2) Combinatorial strategies: Rational and synergistic combination therapies can be designed to lower the risk of resistance and prolong the benefits of immunotherapy. This may involve combining ICIs or adding different treatment modalities such as chemotherapy or local therapies.
3) Enhancing immune response: Strategies that aim to enhance the immune response of T and NK cells have shown promise in overcoming immunotherapy resistance. This can be achieved through various approaches, such as targeting immunosuppressive factors in the TME.
4) Targeting specific mechanisms: Identifying specific mechanisms of resistance, such as inactivation of antigen presentation, can help develop tailored therapies to overcome resistance.
We are interested in Original Research, Systematic Review, Methods, Review/Mini Review, Clinical Trial, Case Report, Brief Research Report, Study Protocol, and Technology and Code articles focusing on, but not limited to, the following areas:
• Various cellular and molecular alterations within the TME that contribute to immunotherapy resistance, particularly the resistance mechanisms that are currently being targeted by novel therapeutic strategies. This can include intrinsic mechanisms (e.g., cell signaling, immune recognition, gene expression), extrinsic mechanisms (e.g., T cell activation, neo-angiogenesis), and specific pathways or molecules that play a role in immunotherapy resistance.
• Preclinical and clinical treatment approaches that have shown promise in lowering the risk of resistance and prolonging the benefits of immunotherapy
• Combination therapies that aim to overcome immunotherapy resistance
• The emerging role of antibody-drug conjugates (ADCs) in shaping the immune microenvironment and increasing treatment efficacy of ICIs
Manuscripts consisting solely of bioinformatics or computational analysis of public genomic or transcriptomic databases which are not accompanied by robust and relevant validation (clinical cohort or biological validation in vitro or in vivo) are out of scope for this topic.

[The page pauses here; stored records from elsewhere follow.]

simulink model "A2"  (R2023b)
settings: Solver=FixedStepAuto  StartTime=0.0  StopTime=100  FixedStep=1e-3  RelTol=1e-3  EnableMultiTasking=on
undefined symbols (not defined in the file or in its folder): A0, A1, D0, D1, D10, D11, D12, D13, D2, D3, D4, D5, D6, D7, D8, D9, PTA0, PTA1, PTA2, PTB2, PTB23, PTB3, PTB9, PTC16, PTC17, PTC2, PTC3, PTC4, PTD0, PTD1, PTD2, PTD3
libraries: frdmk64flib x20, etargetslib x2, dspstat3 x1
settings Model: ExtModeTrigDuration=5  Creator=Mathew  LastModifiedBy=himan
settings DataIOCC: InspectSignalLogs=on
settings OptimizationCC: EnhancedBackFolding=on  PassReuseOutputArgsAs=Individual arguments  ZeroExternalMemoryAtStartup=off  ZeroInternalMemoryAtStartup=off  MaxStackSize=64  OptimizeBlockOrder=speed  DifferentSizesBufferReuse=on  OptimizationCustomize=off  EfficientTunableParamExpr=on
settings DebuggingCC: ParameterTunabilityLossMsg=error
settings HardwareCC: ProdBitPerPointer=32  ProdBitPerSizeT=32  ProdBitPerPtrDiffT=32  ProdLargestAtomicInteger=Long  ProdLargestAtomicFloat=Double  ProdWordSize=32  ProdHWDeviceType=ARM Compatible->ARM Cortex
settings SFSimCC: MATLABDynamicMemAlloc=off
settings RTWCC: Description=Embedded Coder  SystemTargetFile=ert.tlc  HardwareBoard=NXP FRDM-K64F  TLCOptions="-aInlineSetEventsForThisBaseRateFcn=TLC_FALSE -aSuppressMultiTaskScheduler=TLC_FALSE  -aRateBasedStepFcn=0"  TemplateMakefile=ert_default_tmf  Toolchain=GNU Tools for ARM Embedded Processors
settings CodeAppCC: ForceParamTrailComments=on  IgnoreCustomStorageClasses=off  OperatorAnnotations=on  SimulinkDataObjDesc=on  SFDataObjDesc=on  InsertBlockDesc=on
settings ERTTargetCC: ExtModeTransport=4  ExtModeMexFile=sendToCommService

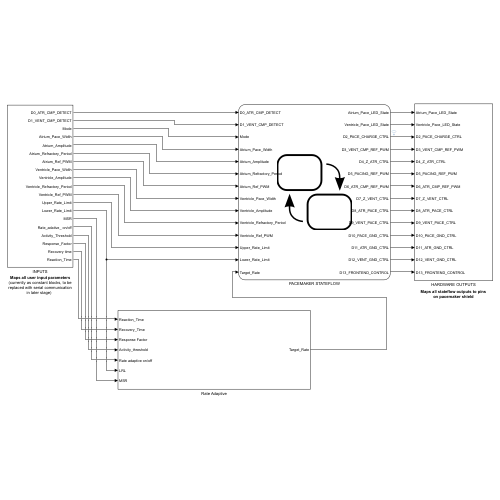
[thumbnail: Simulink's stored preview of the top-level diagram]
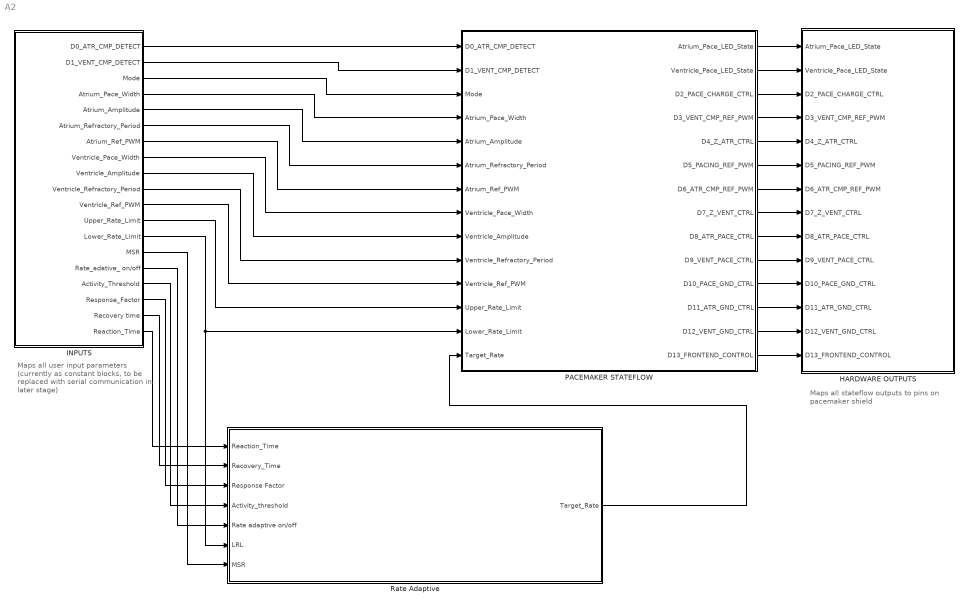
== system A2 ==
  note: Maps all stateflow outputs to pins on pacemaker shield
  note: Maps all user input parameters (currently as constant blocks, to be replaced with serial communication in later stage)
  HARDWARE OUTPUTS : Subsystem
  INPUTS : Subsystem
  PACEMAKER STATEFLOW : Stateflow chart  TreatAsAtomicUnit=on
  Rate Adaptive : Subsystem
  wires:
  INPUTS/6(Atrium_Refractory_Period) -> PACEMAKER STATEFLOW/6(Atrium_Refractory_Period)
  INPUTS/11(Ventricle_Ref_PWM) -> PACEMAKER STATEFLOW/11(Ventricle_Ref_PWM)
  INPUTS/2(D1_VENT_CMP_DETECT) -> PACEMAKER STATEFLOW/2(D1_VENT_CMP_DETECT)
  Rate Adaptive/1(Target_Rate) -> PACEMAKER STATEFLOW/14(Target_Rate)
  INPUTS/12(Upper_Rate_Limit) -> PACEMAKER STATEFLOW/12(Upper_Rate_Limit)
  PACEMAKER STATEFLOW/8(D7_Z_VENT_CTRL) -> HARDWARE OUTPUTS/8(D7_Z_VENT_CTRL)
  PACEMAKER STATEFLOW/1(Atrium_Pace_LED_State) -> HARDWARE OUTPUTS/1(Atrium_Pace_LED_State)
  INPUTS/7(Atrium_Ref_PWM) -> PACEMAKER STATEFLOW/7(Atrium_Ref_PWM)
  PACEMAKER STATEFLOW/3(D2_PACE_CHARGE_CTRL) -> HARDWARE OUTPUTS/3(D2_PACE_CHARGE_CTRL)
  PACEMAKER STATEFLOW/14(D13_FRONTEND_CONTROL) -> HARDWARE OUTPUTS/14(D13_FRONTEND_CONTROL)
  PACEMAKER STATEFLOW/5(D4_Z_ATR_CTRL) -> HARDWARE OUTPUTS/5(D4_Z_ATR_CTRL)
  PACEMAKER STATEFLOW/2(Ventricle_Pace_LED_State) -> HARDWARE OUTPUTS/2(Ventricle_Pace_LED_State)
  PACEMAKER STATEFLOW/9(D8_ATR_PACE_CTRL) -> HARDWARE OUTPUTS/9(D8_ATR_PACE_CTRL)
  INPUTS/8(Ventricle_Pace_Width) -> PACEMAKER STATEFLOW/8(Ventricle_Pace_Width)
  INPUTS/19(Reaction_Time) -> Rate Adaptive/1(Reaction_Time)
  INPUTS/16(Activity_Threshold) -> Rate Adaptive/4(Activity_threshold)
  INPUTS/9(Ventricle_Amplitude) -> PACEMAKER STATEFLOW/9(Ventricle_Amplitude)
  INPUTS/10(Ventricle_Refractory_Period) -> PACEMAKER STATEFLOW/10(Ventricle_Refractory_Period)
  PACEMAKER STATEFLOW/6(D5_PACING_REF_PWM) -> HARDWARE OUTPUTS/6(D5_PACING_REF_PWM)
  INPUTS/5(Atrium_Amplitude) -> PACEMAKER STATEFLOW/5(Atrium_Amplitude)
  INPUTS/4(Atrium_Pace_Width) -> PACEMAKER STATEFLOW/4(Atrium_Pace_Width)
  INPUTS/3(Mode) -> PACEMAKER STATEFLOW/3(Mode)
  INPUTS/15(Rate_adative_ on/off) -> Rate Adaptive/5(Rate adaptive on/off)
  INPUTS/14(MSR) -> Rate Adaptive/7(MSR)
  PACEMAKER STATEFLOW/13(D12_VENT_GND_CTRL) -> HARDWARE OUTPUTS/13(D12_VENT_GND_CTRL)
  PACEMAKER STATEFLOW/11(D10_PACE_GND_CTRL) -> HARDWARE OUTPUTS/11(D10_PACE_GND_CTRL)
  PACEMAKER STATEFLOW/4(D3_VENT_CMP_REF_PWM) -> HARDWARE OUTPUTS/4(D3_VENT_CMP_REF_PWM)
  INPUTS/13(Lower_Rate_Limit) -> PACEMAKER STATEFLOW/13(Lower_Rate_Limit), Rate Adaptive/6(LRL)
  INPUTS/1(D0_ATR_CMP_DETECT) -> PACEMAKER STATEFLOW/1(D0_ATR_CMP_DETECT)
  INPUTS/17(Response_Factor) -> Rate Adaptive/3(Response Factor)
  PACEMAKER STATEFLOW/7(D6_ATR_CMP_REF_PWM) -> HARDWARE OUTPUTS/7(D6_ATR_CMP_REF_PWM)
  PACEMAKER STATEFLOW/12(D11_ATR_GND_CTRL) -> HARDWARE OUTPUTS/12(D11_ATR_GND_CTRL)
  INPUTS/18(Recovery time) -> Rate Adaptive/2(Recovery_Time)
  PACEMAKER STATEFLOW/10(D9_VENT_PACE_CTRL) -> HARDWARE OUTPUTS/10(D9_VENT_PACE_CTRL)

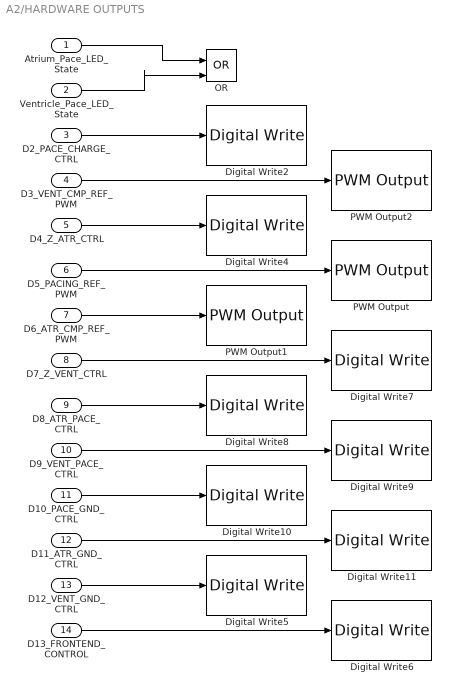
== system A2/HARDWARE OUTPUTS ==
  Atrium_Pace_LED_State : Inport
  Ventricle_Pace_LED_State : Inport  Port=2
  D2_PACE_CHARGE_CTRL : Inport  Port=3
  D3_VENT_CMP_REF_PWM : Inport  Port=4
  D4_Z_ATR_CTRL : Inport  Port=5
  D5_PACING_REF_PWM : Inport  Port=6
  D6_ATR_CMP_REF_PWM : Inport  Port=7
  D7_Z_VENT_CTRL : Inport  Port=8
  D8_ATR_PACE_CTRL : Inport  Port=9
  D9_VENT_PACE_CTRL : Inport  Port=10
  D10_PACE_GND_CTRL : Inport  Port=11
  D11_ATR_GND_CTRL : Inport  Port=12
  D12_VENT_GND_CTRL : Inport  Port=13
  D13_FRONTEND_CONTROL : Inport  Port=14
  Digital Write10 : frdmk64flib/Digital Write  Whichpin=PTD0 (D10)
  Digital Write11 : frdmk64flib/Digital Write  Whichpin=PTD2 (D11)
  Digital Write2 : frdmk64flib/Digital Write  Whichpin=PTB9 (D2)
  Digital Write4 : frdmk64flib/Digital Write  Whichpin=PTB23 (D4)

Keywords: PD-1 inhibitor, Tumor microenvironment, immunotherapy response, resistance to PD-1 inhibitor, PD-1/PD-L1 blockade, cancer immunotherapy, T cells, NK cells, immunotherapy resistance
Important Note: All contributions to this Research Topic must be within the scope of the section and journal to which they are submitted, as defined in their mission statements. Frontiers reserves the right to guide an out-of-scope manuscript to a more suitable section or journal at any stage of peer review.